> _TASK GOAL_: When you reach the line containing "#11364 = EDGE_CURVE" in the entries below, begin reproducing lines exactly, and stop once the line containing "#16460 = ORIENTED_EDGE" is done.

> _Source records_:
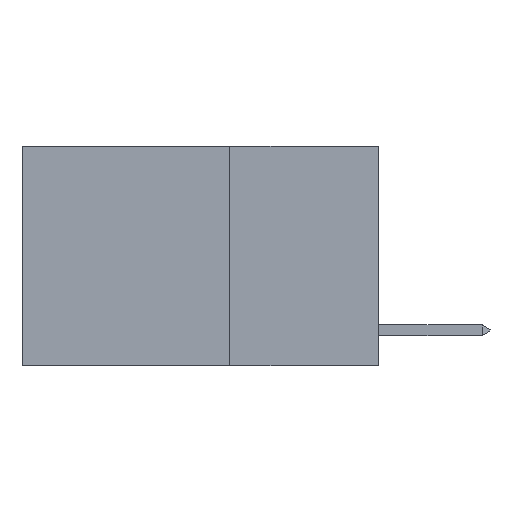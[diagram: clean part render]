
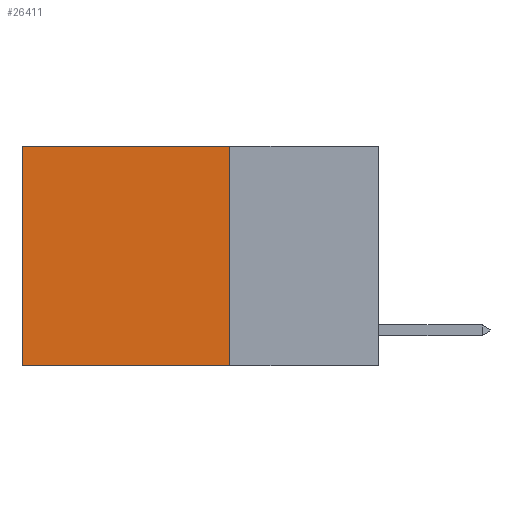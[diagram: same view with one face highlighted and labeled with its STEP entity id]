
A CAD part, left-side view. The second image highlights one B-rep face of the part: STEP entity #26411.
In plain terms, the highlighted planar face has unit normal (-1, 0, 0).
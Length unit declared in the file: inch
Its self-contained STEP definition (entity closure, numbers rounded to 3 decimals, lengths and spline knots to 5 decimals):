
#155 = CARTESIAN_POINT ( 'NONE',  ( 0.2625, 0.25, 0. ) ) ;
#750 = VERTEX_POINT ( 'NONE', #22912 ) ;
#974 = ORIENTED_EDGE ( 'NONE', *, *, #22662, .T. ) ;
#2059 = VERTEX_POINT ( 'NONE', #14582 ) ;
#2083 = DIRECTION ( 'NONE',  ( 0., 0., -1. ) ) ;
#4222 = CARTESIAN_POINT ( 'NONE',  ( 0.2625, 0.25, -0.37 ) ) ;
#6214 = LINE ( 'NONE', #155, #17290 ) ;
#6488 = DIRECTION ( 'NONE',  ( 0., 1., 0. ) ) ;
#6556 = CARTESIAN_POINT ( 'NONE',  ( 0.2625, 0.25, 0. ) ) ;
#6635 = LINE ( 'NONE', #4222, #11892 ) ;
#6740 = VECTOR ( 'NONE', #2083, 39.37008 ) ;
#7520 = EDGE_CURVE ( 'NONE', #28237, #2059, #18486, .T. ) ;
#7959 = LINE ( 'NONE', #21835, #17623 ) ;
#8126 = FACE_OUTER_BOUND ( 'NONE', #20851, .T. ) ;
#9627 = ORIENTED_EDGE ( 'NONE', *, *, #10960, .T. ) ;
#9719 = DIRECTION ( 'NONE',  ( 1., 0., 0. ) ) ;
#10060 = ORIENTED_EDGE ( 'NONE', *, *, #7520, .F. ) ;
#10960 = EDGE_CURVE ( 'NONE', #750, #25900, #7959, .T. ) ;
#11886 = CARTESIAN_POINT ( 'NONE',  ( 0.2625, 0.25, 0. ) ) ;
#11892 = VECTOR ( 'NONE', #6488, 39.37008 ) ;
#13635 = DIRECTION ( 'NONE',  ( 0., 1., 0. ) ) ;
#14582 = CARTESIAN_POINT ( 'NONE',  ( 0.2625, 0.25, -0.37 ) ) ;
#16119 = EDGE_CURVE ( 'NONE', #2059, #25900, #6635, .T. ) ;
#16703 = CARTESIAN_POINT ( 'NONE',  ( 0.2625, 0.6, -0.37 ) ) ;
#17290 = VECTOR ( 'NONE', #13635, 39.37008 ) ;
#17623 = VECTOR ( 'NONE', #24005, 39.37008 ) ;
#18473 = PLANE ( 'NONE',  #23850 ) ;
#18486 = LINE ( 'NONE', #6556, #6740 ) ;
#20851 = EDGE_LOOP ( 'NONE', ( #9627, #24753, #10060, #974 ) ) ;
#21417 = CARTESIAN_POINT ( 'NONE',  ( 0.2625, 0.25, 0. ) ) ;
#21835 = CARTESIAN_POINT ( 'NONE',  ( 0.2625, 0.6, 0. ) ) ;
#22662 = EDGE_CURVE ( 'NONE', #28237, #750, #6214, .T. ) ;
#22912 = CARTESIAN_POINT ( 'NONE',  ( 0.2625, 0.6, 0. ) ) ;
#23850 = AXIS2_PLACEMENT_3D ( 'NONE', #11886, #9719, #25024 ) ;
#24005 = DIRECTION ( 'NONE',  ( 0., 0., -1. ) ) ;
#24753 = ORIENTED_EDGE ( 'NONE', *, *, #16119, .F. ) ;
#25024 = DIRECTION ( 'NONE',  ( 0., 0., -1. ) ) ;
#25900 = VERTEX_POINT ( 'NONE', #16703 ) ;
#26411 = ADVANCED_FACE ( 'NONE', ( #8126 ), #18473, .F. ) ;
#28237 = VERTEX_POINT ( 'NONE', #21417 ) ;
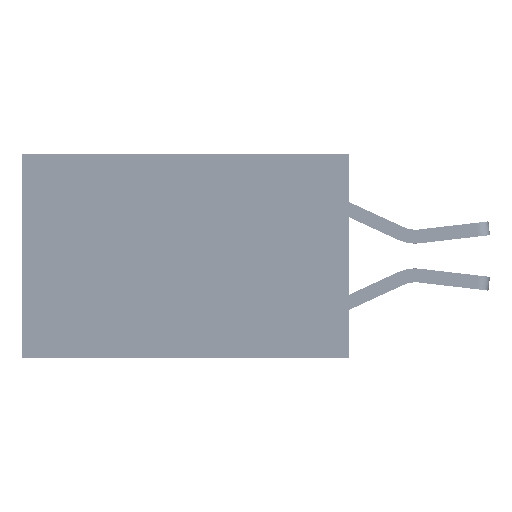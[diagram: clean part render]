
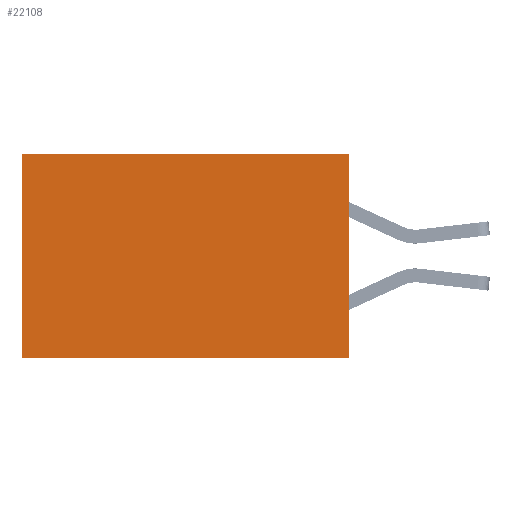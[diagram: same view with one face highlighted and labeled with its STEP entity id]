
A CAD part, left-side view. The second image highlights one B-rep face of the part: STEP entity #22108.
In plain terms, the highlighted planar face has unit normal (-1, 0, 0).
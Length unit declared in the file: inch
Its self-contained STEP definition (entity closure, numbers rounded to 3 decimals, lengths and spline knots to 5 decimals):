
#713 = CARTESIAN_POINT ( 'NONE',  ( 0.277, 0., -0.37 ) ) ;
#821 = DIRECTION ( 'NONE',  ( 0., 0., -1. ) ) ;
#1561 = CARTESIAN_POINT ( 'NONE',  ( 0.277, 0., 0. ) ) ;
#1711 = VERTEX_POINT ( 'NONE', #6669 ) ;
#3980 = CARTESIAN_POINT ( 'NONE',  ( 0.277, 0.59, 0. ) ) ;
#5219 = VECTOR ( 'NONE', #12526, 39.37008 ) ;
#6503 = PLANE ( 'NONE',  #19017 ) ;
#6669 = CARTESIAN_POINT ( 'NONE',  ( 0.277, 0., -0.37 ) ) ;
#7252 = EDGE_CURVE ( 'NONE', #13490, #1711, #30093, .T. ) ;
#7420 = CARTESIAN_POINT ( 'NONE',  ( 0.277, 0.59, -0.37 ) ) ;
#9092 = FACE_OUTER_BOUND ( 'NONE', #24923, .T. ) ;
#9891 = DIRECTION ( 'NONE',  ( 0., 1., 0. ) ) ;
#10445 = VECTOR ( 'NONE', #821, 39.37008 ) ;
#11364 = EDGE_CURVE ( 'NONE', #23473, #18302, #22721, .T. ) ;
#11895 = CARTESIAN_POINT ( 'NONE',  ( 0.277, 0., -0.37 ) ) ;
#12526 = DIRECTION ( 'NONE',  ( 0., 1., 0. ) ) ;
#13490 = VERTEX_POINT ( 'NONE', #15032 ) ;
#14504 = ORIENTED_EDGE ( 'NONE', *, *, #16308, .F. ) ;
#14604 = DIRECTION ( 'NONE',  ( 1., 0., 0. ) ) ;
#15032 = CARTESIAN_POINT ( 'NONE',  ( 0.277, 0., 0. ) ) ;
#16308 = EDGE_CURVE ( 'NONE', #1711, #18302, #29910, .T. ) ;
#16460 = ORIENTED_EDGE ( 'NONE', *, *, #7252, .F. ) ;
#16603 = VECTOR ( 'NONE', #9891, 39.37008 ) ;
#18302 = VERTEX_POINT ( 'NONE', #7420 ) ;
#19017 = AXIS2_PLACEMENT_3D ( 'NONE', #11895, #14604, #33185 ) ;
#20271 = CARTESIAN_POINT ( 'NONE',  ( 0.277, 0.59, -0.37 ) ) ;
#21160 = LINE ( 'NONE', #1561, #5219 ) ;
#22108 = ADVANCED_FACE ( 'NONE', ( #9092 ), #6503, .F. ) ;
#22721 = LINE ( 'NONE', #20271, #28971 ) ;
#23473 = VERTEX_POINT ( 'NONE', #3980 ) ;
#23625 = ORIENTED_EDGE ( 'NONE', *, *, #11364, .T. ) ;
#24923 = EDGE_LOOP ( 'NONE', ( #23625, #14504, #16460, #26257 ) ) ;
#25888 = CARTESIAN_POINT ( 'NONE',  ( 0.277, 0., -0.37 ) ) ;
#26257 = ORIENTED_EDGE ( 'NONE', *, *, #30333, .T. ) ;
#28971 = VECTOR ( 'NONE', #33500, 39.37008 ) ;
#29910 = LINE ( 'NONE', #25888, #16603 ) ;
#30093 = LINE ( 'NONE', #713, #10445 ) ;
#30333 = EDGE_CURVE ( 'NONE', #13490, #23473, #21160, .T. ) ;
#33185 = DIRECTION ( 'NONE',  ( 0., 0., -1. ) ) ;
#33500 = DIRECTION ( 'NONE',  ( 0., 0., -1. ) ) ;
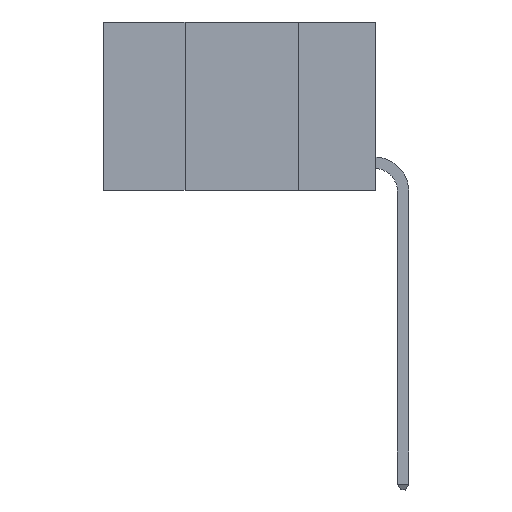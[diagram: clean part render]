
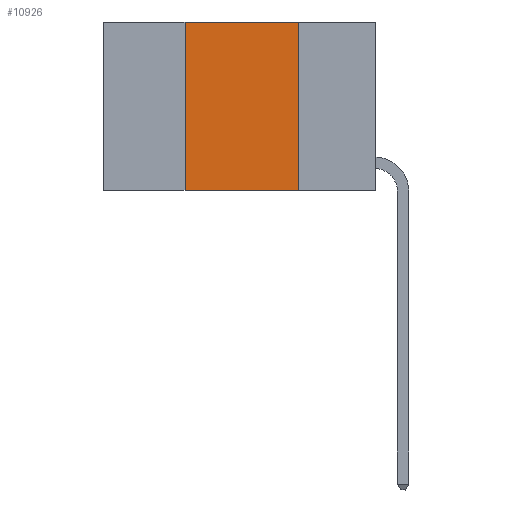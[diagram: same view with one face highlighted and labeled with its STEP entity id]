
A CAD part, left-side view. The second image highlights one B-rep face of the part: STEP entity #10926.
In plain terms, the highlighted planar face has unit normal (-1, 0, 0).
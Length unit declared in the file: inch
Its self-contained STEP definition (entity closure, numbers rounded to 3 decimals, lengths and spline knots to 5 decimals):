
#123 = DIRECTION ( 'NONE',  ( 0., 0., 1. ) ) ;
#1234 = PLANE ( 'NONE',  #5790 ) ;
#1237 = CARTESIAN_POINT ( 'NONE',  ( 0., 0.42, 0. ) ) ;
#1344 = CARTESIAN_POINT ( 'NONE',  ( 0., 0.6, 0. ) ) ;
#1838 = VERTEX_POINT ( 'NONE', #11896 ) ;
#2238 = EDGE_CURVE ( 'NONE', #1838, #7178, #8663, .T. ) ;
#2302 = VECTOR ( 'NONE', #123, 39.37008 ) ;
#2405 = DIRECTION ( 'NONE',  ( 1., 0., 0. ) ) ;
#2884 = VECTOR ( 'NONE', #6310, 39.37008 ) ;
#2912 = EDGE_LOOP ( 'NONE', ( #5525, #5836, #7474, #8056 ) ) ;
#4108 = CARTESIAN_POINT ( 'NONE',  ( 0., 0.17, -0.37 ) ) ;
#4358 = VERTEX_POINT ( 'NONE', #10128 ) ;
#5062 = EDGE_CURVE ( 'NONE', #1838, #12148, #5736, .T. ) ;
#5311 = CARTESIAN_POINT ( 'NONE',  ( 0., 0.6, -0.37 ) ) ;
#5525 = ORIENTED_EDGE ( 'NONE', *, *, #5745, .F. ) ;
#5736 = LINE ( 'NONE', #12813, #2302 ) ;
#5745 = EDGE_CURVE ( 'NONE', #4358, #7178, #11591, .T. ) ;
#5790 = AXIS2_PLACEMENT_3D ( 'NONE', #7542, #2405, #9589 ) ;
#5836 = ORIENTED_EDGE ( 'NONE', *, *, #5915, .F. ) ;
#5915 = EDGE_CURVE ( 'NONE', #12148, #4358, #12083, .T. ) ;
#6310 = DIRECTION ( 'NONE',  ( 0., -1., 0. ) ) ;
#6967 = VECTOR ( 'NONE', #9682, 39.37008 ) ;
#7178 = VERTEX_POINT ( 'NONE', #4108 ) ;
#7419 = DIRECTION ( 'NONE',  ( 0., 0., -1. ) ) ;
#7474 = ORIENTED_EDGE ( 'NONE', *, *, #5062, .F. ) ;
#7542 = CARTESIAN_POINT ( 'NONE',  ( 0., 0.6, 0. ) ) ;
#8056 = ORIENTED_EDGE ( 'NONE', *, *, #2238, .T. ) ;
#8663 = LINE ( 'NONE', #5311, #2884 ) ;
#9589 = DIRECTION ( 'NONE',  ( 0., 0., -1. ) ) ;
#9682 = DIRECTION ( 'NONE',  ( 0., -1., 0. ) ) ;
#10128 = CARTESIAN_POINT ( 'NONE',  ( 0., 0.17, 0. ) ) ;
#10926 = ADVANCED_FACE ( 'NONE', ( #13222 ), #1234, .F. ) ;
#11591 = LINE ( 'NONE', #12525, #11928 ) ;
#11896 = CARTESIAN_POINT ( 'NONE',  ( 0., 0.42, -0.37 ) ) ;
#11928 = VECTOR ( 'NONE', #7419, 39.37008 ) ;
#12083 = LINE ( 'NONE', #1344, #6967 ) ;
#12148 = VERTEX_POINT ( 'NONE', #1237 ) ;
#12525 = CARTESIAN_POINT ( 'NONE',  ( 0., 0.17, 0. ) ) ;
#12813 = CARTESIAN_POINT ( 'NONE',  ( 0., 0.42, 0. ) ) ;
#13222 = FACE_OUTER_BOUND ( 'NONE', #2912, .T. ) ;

> _ANSWER BOX_:
#11364 = EDGE_CURVE ( 'NONE', #23473, #18302, #22721, .T. ) ;
#11895 = CARTESIAN_POINT ( 'NONE',  ( 0.277, 0., -0.37 ) ) ;
#12526 = DIRECTION ( 'NONE',  ( 0., 1., 0. ) ) ;
#13490 = VERTEX_POINT ( 'NONE', #15032 ) ;
#14504 = ORIENTED_EDGE ( 'NONE', *, *, #16308, .F. ) ;
#14604 = DIRECTION ( 'NONE',  ( 1., 0., 0. ) ) ;
#15032 = CARTESIAN_POINT ( 'NONE',  ( 0.277, 0., 0. ) ) ;
#16308 = EDGE_CURVE ( 'NONE', #1711, #18302, #29910, .T. ) ;
#16460 = ORIENTED_EDGE ( 'NONE', *, *, #7252, .F. ) ;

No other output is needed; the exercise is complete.